* **WHAT THE TASK REQUIRES**: Copy each line of the data below exactly, leaving out pictures.

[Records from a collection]
────
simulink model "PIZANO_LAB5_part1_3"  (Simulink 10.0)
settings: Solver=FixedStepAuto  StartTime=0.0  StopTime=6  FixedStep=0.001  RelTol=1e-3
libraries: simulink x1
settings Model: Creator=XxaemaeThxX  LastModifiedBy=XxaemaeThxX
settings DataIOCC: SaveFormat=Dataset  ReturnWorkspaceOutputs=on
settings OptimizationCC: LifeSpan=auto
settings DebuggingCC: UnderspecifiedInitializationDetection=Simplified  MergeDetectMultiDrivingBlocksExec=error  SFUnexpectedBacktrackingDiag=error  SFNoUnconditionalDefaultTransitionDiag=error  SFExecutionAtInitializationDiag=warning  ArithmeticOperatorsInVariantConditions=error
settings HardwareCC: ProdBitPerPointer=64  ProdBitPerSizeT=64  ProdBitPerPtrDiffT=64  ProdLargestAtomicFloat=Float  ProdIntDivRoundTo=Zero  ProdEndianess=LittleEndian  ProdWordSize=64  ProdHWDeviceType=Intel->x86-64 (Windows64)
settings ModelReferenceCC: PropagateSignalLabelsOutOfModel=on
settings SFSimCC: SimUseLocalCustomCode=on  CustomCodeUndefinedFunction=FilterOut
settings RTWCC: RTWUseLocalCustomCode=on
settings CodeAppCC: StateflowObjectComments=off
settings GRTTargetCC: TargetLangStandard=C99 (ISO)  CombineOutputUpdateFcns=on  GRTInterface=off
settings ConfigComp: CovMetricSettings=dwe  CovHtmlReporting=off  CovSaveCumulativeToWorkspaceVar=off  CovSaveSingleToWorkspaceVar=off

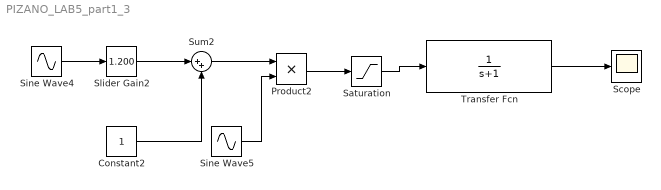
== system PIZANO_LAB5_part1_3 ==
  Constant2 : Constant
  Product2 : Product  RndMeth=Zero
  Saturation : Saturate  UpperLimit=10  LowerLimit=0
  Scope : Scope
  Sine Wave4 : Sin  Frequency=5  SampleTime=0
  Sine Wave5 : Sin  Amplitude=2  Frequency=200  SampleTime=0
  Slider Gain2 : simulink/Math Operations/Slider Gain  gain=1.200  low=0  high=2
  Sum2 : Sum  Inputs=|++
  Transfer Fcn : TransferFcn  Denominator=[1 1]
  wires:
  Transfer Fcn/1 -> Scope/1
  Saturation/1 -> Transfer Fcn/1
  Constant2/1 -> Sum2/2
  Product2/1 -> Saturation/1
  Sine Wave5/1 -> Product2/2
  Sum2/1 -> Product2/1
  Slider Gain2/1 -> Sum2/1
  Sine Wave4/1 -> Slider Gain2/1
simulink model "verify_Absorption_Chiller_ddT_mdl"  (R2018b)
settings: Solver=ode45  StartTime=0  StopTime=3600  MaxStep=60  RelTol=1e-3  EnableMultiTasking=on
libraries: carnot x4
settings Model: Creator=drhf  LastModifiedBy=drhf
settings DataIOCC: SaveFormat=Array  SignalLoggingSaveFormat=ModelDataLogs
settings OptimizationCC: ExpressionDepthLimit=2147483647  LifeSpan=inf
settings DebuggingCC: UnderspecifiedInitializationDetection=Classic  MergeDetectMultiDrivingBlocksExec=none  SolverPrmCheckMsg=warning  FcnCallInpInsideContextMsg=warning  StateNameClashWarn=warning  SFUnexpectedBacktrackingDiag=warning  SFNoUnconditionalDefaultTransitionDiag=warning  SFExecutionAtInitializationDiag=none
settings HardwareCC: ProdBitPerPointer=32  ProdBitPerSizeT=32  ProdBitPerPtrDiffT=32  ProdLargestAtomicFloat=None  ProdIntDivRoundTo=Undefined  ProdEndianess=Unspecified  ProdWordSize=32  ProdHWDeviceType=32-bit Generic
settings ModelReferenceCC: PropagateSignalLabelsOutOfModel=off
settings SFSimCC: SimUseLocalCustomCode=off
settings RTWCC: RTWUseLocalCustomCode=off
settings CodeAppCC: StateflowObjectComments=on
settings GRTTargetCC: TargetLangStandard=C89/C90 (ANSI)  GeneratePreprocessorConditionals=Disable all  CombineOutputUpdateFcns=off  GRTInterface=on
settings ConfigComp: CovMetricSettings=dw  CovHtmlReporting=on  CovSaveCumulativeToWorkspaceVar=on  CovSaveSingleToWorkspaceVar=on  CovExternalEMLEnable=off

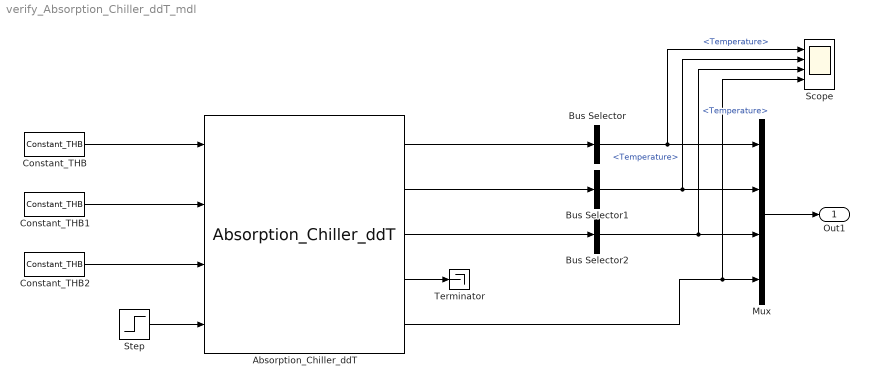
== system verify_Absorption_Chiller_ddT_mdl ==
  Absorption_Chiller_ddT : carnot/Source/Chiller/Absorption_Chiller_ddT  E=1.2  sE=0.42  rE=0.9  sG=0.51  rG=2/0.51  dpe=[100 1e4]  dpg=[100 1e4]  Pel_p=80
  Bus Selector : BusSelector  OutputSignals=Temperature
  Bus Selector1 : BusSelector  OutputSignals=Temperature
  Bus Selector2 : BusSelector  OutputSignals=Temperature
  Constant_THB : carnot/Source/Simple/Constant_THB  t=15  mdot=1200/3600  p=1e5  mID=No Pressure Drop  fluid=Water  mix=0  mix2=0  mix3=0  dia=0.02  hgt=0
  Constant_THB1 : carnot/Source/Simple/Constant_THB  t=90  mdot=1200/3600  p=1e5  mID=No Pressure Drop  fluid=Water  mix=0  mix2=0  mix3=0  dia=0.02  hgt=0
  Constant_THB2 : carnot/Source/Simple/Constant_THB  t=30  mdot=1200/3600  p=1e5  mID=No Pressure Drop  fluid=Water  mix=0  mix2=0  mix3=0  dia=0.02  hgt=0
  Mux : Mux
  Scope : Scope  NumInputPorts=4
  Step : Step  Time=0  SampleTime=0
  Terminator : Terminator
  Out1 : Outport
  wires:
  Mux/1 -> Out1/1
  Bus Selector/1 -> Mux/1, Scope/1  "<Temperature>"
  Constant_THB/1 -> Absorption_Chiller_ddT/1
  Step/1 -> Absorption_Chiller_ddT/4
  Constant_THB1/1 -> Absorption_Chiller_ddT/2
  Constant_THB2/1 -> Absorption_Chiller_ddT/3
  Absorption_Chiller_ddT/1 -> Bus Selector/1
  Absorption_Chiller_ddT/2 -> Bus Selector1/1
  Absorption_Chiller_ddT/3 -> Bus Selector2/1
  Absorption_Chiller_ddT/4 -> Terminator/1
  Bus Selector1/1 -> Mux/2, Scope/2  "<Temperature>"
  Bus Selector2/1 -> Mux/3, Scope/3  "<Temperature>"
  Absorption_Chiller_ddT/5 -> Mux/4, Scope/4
────
* **REPLY**:
simulink model "PIZANO_LAB5_part1_3"  (Simulink 10.0)
settings: Solver=FixedStepAuto  StartTime=0.0  StopTime=6  FixedStep=0.001  RelTol=1e-3
libraries: simulink x1
settings Model: Creator=XxaemaeThxX  LastModifiedBy=XxaemaeThxX
settings DataIOCC: SaveFormat=Dataset  ReturnWorkspaceOutputs=on
settings OptimizationCC: LifeSpan=auto
settings DebuggingCC: UnderspecifiedInitializationDetection=Simplified  MergeDetectMultiDrivingBlocksExec=error  SFUnexpectedBacktrackingDiag=error  SFNoUnconditionalDefaultTransitionDiag=error  SFExecutionAtInitializationDiag=warning  ArithmeticOperatorsInVariantConditions=error
settings HardwareCC: ProdBitPerPointer=64  ProdBitPerSizeT=64  ProdBitPerPtrDiffT=64  ProdLargestAtomicFloat=Float  ProdIntDivRoundTo=Zero  ProdEndianess=LittleEndian  ProdWordSize=64  ProdHWDeviceType=Intel->x86-64 (Windows64)
settings ModelReferenceCC: PropagateSignalLabelsOutOfModel=on
settings SFSimCC: SimUseLocalCustomCode=on  CustomCodeUndefinedFunction=FilterOut
settings RTWCC: RTWUseLocalCustomCode=on
settings CodeAppCC: StateflowObjectComments=off
settings GRTTargetCC: TargetLangStandard=C99 (ISO)  CombineOutputUpdateFcns=on  GRTInterface=off
settings ConfigComp: CovMetricSettings=dwe  CovHtmlReporting=off  CovSaveCumulativeToWorkspaceVar=off  CovSaveSingleToWorkspaceVar=off

== system PIZANO_LAB5_part1_3 ==
  Constant2 : Constant
  Product2 : Product  RndMeth=Zero
  Saturation : Saturate  UpperLimit=10  LowerLimit=0
  Scope : Scope
  Sine Wave4 : Sin  Frequency=5  SampleTime=0
  Sine Wave5 : Sin  Amplitude=2  Frequency=200  SampleTime=0
  Slider Gain2 : simulink/Math Operations/Slider Gain  gain=1.200  low=0  high=2
  Sum2 : Sum  Inputs=|++
  Transfer Fcn : TransferFcn  Denominator=[1 1]
  wires:
  Transfer Fcn/1 -> Scope/1
  Saturation/1 -> Transfer Fcn/1
  Constant2/1 -> Sum2/2
  Product2/1 -> Saturation/1
  Sine Wave5/1 -> Product2/2
  Sum2/1 -> Product2/1
  Slider Gain2/1 -> Sum2/1
  Sine Wave4/1 -> Slider Gain2/1
simulink model "verify_Absorption_Chiller_ddT_mdl"  (R2018b)
settings: Solver=ode45  StartTime=0  StopTime=3600  MaxStep=60  RelTol=1e-3  EnableMultiTasking=on
libraries: carnot x4
settings Model: Creator=drhf  LastModifiedBy=drhf
settings DataIOCC: SaveFormat=Array  SignalLoggingSaveFormat=ModelDataLogs
settings OptimizationCC: ExpressionDepthLimit=2147483647  LifeSpan=inf
settings DebuggingCC: UnderspecifiedInitializationDetection=Classic  MergeDetectMultiDrivingBlocksExec=none  SolverPrmCheckMsg=warning  FcnCallInpInsideContextMsg=warning  StateNameClashWarn=warning  SFUnexpectedBacktrackingDiag=warning  SFNoUnconditionalDefaultTransitionDiag=warning  SFExecutionAtInitializationDiag=none
settings HardwareCC: ProdBitPerPointer=32  ProdBitPerSizeT=32  ProdBitPerPtrDiffT=32  ProdLargestAtomicFloat=None  ProdIntDivRoundTo=Undefined  ProdEndianess=Unspecified  ProdWordSize=32  ProdHWDeviceType=32-bit Generic
settings ModelReferenceCC: PropagateSignalLabelsOutOfModel=off
settings SFSimCC: SimUseLocalCustomCode=off
settings RTWCC: RTWUseLocalCustomCode=off
settings CodeAppCC: StateflowObjectComments=on
settings GRTTargetCC: TargetLangStandard=C89/C90 (ANSI)  GeneratePreprocessorConditionals=Disable all  CombineOutputUpdateFcns=off  GRTInterface=on
settings ConfigComp: CovMetricSettings=dw  CovHtmlReporting=on  CovSaveCumulativeToWorkspaceVar=on  CovSaveSingleToWorkspaceVar=on  CovExternalEMLEnable=off

== system verify_Absorption_Chiller_ddT_mdl ==
  Absorption_Chiller_ddT : carnot/Source/Chiller/Absorption_Chiller_ddT  E=1.2  sE=0.42  rE=0.9  sG=0.51  rG=2/0.51  dpe=[100 1e4]  dpg=[100 1e4]  Pel_p=80
  Bus Selector : BusSelector  OutputSignals=Temperature
  Bus Selector1 : BusSelector  OutputSignals=Temperature
  Bus Selector2 : BusSelector  OutputSignals=Temperature
  Constant_THB : carnot/Source/Simple/Constant_THB  t=15  mdot=1200/3600  p=1e5  mID=No Pressure Drop  fluid=Water  mix=0  mix2=0  mix3=0  dia=0.02  hgt=0
  Constant_THB1 : carnot/Source/Simple/Constant_THB  t=90  mdot=1200/3600  p=1e5  mID=No Pressure Drop  fluid=Water  mix=0  mix2=0  mix3=0  dia=0.02  hgt=0
  Constant_THB2 : carnot/Source/Simple/Constant_THB  t=30  mdot=1200/3600  p=1e5  mID=No Pressure Drop  fluid=Water  mix=0  mix2=0  mix3=0  dia=0.02  hgt=0
  Mux : Mux
  Scope : Scope  NumInputPorts=4
  Step : Step  Time=0  SampleTime=0
  Terminator : Terminator
  Out1 : Outport
  wires:
  Mux/1 -> Out1/1
  Bus Selector/1 -> Mux/1, Scope/1  "<Temperature>"
  Constant_THB/1 -> Absorption_Chiller_ddT/1
  Step/1 -> Absorption_Chiller_ddT/4
  Constant_THB1/1 -> Absorption_Chiller_ddT/2
  Constant_THB2/1 -> Absorption_Chiller_ddT/3
  Absorption_Chiller_ddT/1 -> Bus Selector/1
  Absorption_Chiller_ddT/2 -> Bus Selector1/1
  Absorption_Chiller_ddT/3 -> Bus Selector2/1
  Absorption_Chiller_ddT/4 -> Terminator/1
  Bus Selector1/1 -> Mux/2, Scope/2  "<Temperature>"
  Bus Selector2/1 -> Mux/3, Scope/3  "<Temperature>"
  Absorption_Chiller_ddT/5 -> Mux/4, Scope/4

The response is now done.